Internationally, the 1993 racially motivated murder of Steven Lawrence in London suggests that although a private prosecution may be withdrawn or lost in court, that is not necessarily the end of the story.  Initially, the main suspects in that case were acquitted for insufficient evidence. The Lawrence family then brought private prosecution against them only to have the charges dropped before the trial for unreliable and insufficient evidence.  But after almost a decade of persistent lobbying and agitating, the original suspects were put on trial by the state and in 2012, two were found guilty of murder.

In my view, then, while somewhat predictable in its basic outcome, if, as the DPP suggests the matters against the government ministers reaches the police, the options available to the government are not good. The investigations could be stalled at the level of the police, pursued in a timely manner to obtain a favourable legal outcome in the courts or the DPP could finally close the matters for insufficient evidence. Though tempting, stalling will be of massive propaganda value to the PPP/C in what promises to be a long electoral season from now through local government elections to the 2020 general election.  Even if successfully defended, the latter will most likely open a Pandora’s Box of questionable dealings that are also bound to mitigate the actions of Ashni Singh and Winston Brassington.

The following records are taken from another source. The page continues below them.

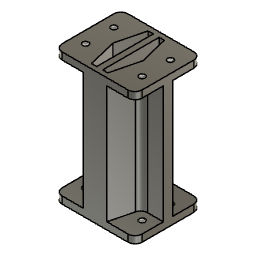
0812_arm_short v2 (Autodesk Fusion 360 design; units mm, degrees)
Autodesk Fusion 360 part; units mm, degrees
sketch "스케치1" plane through (0, 0, 0) normal (0, 0, 1) x (1, 0, 0)
  line L0 (-17, 14) -> (17, 14)
  line L1 (17, 14) -> (17, -14)
  line L2 (17, -14) -> (-17, -14)
  line L3 (-17, -14) -> (-17, 14)
  line L4 (0, 14) -> (0, -14) construction
  line L5 (-12, 6) -> (12, 6) construction
  line L6 (12, 6) -> (12, -6) construction
  line L7 (12, -6) -> (-12, -6) construction
  line L8 (-12, -6) -> (-12, 6) construction
  line L9 (0, 6) -> (0, -6) construction
  circle A0 centre (-12, 6) radius 1.5
  circle A1 centre (12, 6) radius 1.5
  circle A2 centre (-12, -6) radius 1.5
  circle A3 centre (12, -6) radius 1.5
  line L10 (-5, 14) -> (5, 14)
  line L11 (5, 14) -> (5, -14) construction
  line L12 (5, -14) -> (-5, -14)
  line L13 (-5, -14) -> (-5, 14) construction
  line L14 (-17, 2) -> (17, 2) construction
  line L15 (17, 2) -> (17, -2)
  line L16 (17, -2) -> (-17, -2) construction
  line L17 (-17, -2) -> (-17, 2)
  line L18 (0, 2) -> (0, -2) construction
  line L19 (0, 14) -> (0, -14) construction
  line L20 (-5, 14) -> (-8, 2)
  line L21 (5, 14) -> (8, 2)
  line L22 (-8, -2) -> (-5, -14)
  line L23 (8, -2) -> (5, -14)
  line L24 (-17, 2) -> (-8, 2)
  line L25 (8, 2) -> (17, 2)
  line L26 (8, -2) -> (17, -2)
  line L27 (-17, -2) -> (-8, -2)
  line L28 (-3.4384, 12) -> (3.4384, 12)
  line L29 (3.4384, 12) -> (6.4384, 0)
  line L30 (6.4384, 0) -> (3.4384, -12)
  line L31 (3.4384, -12) -> (-3.4384, -12)
  line L32 (-3.4384, -12) -> (-6.4384, 0)
  line L33 (-6.4384, 0) -> (-3.4384, 12)
  line L34 (0, 12) -> (0, -12) construction
  line L35 (-6.4384, 0) -> (6.4384, 0) construction
  line L36 (-1.25, 14) -> (1.25, 14)
  line L37 (1.25, 14) -> (1.25, -14)
  line L38 (1.25, -14) -> (-1.25, -14)
  line L39 (-1.25, -14) -> (-1.25, 14)
  line L40 (0, 14) -> (0, -14) construction
  point P0 (0, 14)
  point P1 (0, -14)
  point P2 (0, 6)
  point P3 (0, -6)
  point P4 (0, 2)
  point P5 (0, -2)
  point P6 (0, 14)
  point P7 (0, -14)
  point P8 (-8, 2)
  point P9 (-8, -2)
  point P10 (8, 2)
  point P11 (8, -2)
  point P12 (-17, 2)
  point P13 (-17, -2)
  point P14 (17, -2)
  point P15 (17, 2)
  point P16 (0, 12)
  point P17 (0, -12)
  point P18 (0, 14)
  point P19 (0, -14)
  point P20 (-1.25, 12)
  point P21 (-1.25, 12)
  point P22 (1.25, 12)
  point P23 (1.25, 12)
  point P24 (-1.25, -12)
  point P25 (-1.25, -12)
  point P26 (1.25, -12)
  point P27 (1.25, -12)
  dimension "d1" = 34
  dimension "d2" = 28
  dimension "d3" = 24
  dimension "d4" = 12
  dimension "d5" = 3
  dimension "d6" = 3
  dimension "d7" = 3
  dimension "d8" = 3
  dimension "d11" = 10
  dimension "d12" = 28
  dimension "d13" = 34
  dimension "d14" = 4
  dimension "d15" = 9
  dimension "d16" = 9
  dimension "d17" = 9
  dimension "d18" = 9
  dimension "d19" = 2
  dimension "d20" = 2
  dimension "d21" = 2
  dimension "d22" = 2.5
  dimension "d23" = 28
  constraint horizontal L0
  constraint vertical L1
  constraint horizontal L2
  constraint vertical L3
  constraint midpoint L0 P18
  constraint midpoint L2 P19
  constraint coincident P18 P6
  constraint coincident P19 P7
  constraint midpoint L4 origin
  constraint horizontal L5
  constraint vertical L6
  constraint horizontal L7
  constraint vertical L8
  constraint midpoint L5 P2
  constraint midpoint L7 P3
  constraint coincident P2 L9.start
  constraint coincident P3 L9.end
  constraint midpoint L9 origin
  constraint coincident L5.start L8.end
  constraint coincident L5.end L6.start
  constraint coincident L7.end L8.start
  constraint coincident L6.end L7.start
  constraint horizontal L10
  constraint vertical L11
  constraint horizontal L12
  constraint vertical L13
  constraint horizontal L14
  constraint vertical L15
  constraint horizontal L16
  constraint vertical L17
  constraint midpoint L14 P4
  constraint midpoint L16 P5
  constraint coincident P4 L18.start
  constraint coincident P5 L18.end
  constraint midpoint L18 origin
  constraint midpoint L10 P18
  constraint midpoint L12 P19
  constraint midpoint L19 origin
  constraint coincident L14 P8
  constraint coincident L16 P9
  constraint coincident L14 P10
  constraint coincident L16 P11
  constraint coincident P12 L14.start
  constraint coincident P13 L16.end
  constraint coincident P14 L15.end
  constraint coincident P15 L14.end
  constraint coincident P8 L20.end
  constraint coincident P10 L21.end
  constraint coincident P9 L22.start
  constraint coincident P11 L23.start
  constraint horizontal L28
  constraint parallel L28 L31
  constraint midpoint L28 P16
  constraint midpoint L31 P17
  constraint coincident P16 L34.start
  constraint coincident P17 L34.end
  constraint midpoint L34 origin
  constraint perpendicular L28 L34
  constraint coincident L29 L30.start
  constraint midpoint L35 origin
  constraint perpendicular L34 L35
  constraint parallel L21 L29
  constraint parallel L23 L30
  constraint horizontal L36
  constraint vertical L37
  constraint horizontal L38
  constraint vertical L39
  constraint midpoint L36 P18
  constraint midpoint L38 P19
  constraint midpoint L40 origin
  constraint coincident L28 P21
  constraint coincident L39 P21
  constraint coincident P21 P20
  constraint coincident L28 P23
  constraint coincident L37 P23
  constraint coincident P23 P22
  constraint coincident L31 P25
  constraint coincident L39 P25
  constraint coincident L31 P27
  constraint coincident L37 P27
  constraint coincident P25 P24
  constraint coincident P27 P26
  measures "d1" distance of L0.start L0.end
  measures "d2" distance of L0.start L2.end
  measures "d3" distance of L5.start L5.end
  measures "d4" distance of L5.start L7.end
  measures "d5" diameter of A0
  measures "d6" diameter of A1
  measures "d7" diameter of A2
  measures "d8" diameter of A3
  measures "d11" distance of L10.start L10.end
  measures "d12" distance of L10.start L12.end
  measures "d13" distance of P12 P15
  measures "d14" distance of P12 P13
  measures "d15" distance of P8 P12
  measures "d16" distance of P9 P13
  measures "d17" distance of P10 P15
  measures "d18" distance of P11 P14
  measures "d19" distance of L10 L28
  measures "d20" distance of L21 L29
  measures "d21" distance of L23 L30
  measures "d22" distance of L36.start L36.end
  measures "d23" distance of L36.start L38.end
extrude "돌출2" add sketch "스케치1" along normal blind 56 contours L0 L2 L3 L10 L12 L17 L20 L22 L24 L27 L28 L31 L32 L33 L39 | L0 L10 L28 L36 L37 L39 | L0 L1 L2 L10 L12 L15 L21 L23 L25 L26 L28 L29 L30 L31 L37 | L28 L31 L37 L39 | L2 L12 L31 L37 L38 L39
extrude "돌출3" add sketch "스케치1" along normal blind 3 contours L0 L3 L20 L24 | L2 L3 L22 L27 | L0 L1 L21 L25 | L1 L2 L23 L26
extrude "돌출4" add sketch "스케치1" along normal blind 3 from surface at 53 contours L0 L3 L20 L24 | L2 L3 L22 L27 | L0 L1 L21 L25 | L1 L2 L23 L26
extrude "돌출5" add sketch "스케치1" along normal blind 3 contours L28 L31 L32 L33 L39 | L28 L29 L30 L31 L37
thread "스레드1" "ISO Metric profile 3.0 M3x0.5 6H" major diameter 3.086 minor diameter 2.529 pitch 0.5 angle 60 resizes the face on face at (-10.5019, 5.9252, 55)
thread "스레드2" "ISO Metric profile 3.0 M3x0.5 6H" major diameter 3.086 minor diameter 2.529 pitch 0.5 angle 60 resizes the face on face at (-10.5019, -6.0748, 55)
thread "스레드3" "ISO Metric profile 3.0 M3x0.5 6H" major diameter 3.086 minor diameter 2.529 pitch 0.5 angle 60 resizes the face on face at (13.4981, 5.9252, 55)
thread "스레드4" "ISO Metric profile 3.0 M3x0.5 6H" major diameter 3.086 minor diameter 2.529 pitch 0.5 angle 60 resizes the face on face at (13.4981, -6.0748, 55)
thread "스레드5" "ISO Metric profile 3.0 M3x0.5 6H" major diameter 3.086 minor diameter 2.529 pitch 0.5 angle 60 resizes the face on face at (13.4981, -6.0748, 2)
thread "스레드6" "ISO Metric profile 3.0 M3x0.5 6H" major diameter 3.086 minor diameter 2.529 pitch 0.5 angle 60 resizes the face on face at (-10.5019, -6.0748, 2)
thread "스레드7" "ISO Metric profile 3.0 M3x0.5 6H" major diameter 3.086 minor diameter 2.529 pitch 0.5 angle 60 resizes the face on face at (13.4981, 5.9252, 2)
thread "스레드8" "ISO Metric profile 3.0 M3x0.5 6H" major diameter 3.086 minor diameter 2.529 pitch 0.5 angle 60 resizes the face on face at (-10.5019, 5.9252, 2)
fillet "모깎기1" radius 3 8 edges at (17, 14, 54.5) (-17, 14, 54.5) (-17, -14, 54.5) (17, -14, 54.5) (-17, -14, 1.5) (17, -14, 1.5) (17, 14, 1.5) (-17, 14, 1.5)
fillet "모깎기2" radius 3 4 edges at (-8, 2, 28) (-8, -2, 28) (8, -2, 28) (8, 2, 28)
extrude "돌출1" [rolled back] along distance 3 taper angle 0
sketch "스케치2" plane through (0, 0, 3) normal (0, 0, 1) x (-1, 0, 0)
  circle A0 centre (12, -6) radius 1.5
  circle A1 centre (12, 6) radius 1.5
  circle A2 centre (-12, -6) radius 1.5
  circle A3 centre (-12, 6) radius 1.5
  line L0 (19, 12) -> (-19, 12)
  line L1 (-19, 12) -> (-19, -12)
  line L2 (-19, -12) -> (19, -12)
  line L3 (19, -12) -> (19, 12)

If the DPP abandons the matters for insufficient evidence, can she do so without giving a good public reasoning, which is also likely to provide fodder for the opposition propaganda mill? The latter bearing in mind our ‘bottom house’ political tradition and the fact that as a subject of the present government investigation into the Prado 2 land allocation, the DPP is in a conflict of interest and could be construed as operating under duress.

But the regime’s difficulties do not end there for the logic of its virulent pre-election anticorruption platform has now turned upon it as I detect among its traditional, African Guyanese,  supporters what I found among them during the 2016 local government election in Beterverwagting village, namely, a struggle for objectivity and independent political space in our deeply ethnicised political context. For example, a few days ago, in discussion with an extremely staunch  PNCR supporter who freely confesses that he will do almost anything to keep the current government in office, the possible jeopardy posed to the ministers if the prosecutions should have succeeded arose and to my surprise he quite nonchalantly said ‘Who cares? Lock them up!’ His contention was that no one should be allowed to rifle the public purse and go unpunished. The moral underpinnings of being against corruption is being universalized and never reverential about their political leaders, now that his party is in control of the state he has made a critical differentiation between his ethnic army, the PNCR and its individual generals, who are considered dispensable.

If its intention is to win free and fair elections the APNU+AFC government needs to be very studied as it goes forward. The intemperate will claim that when elections arrive propaganda would not matter as people will flock to vote for their ethnic parties. However, hopefully such people remember that the present government is in office with less than 5,000 votes and there is a floating middle group out there that is substantially more than that. Persistent propaganda is the stuff that weakens political allegiances, political will and political participation.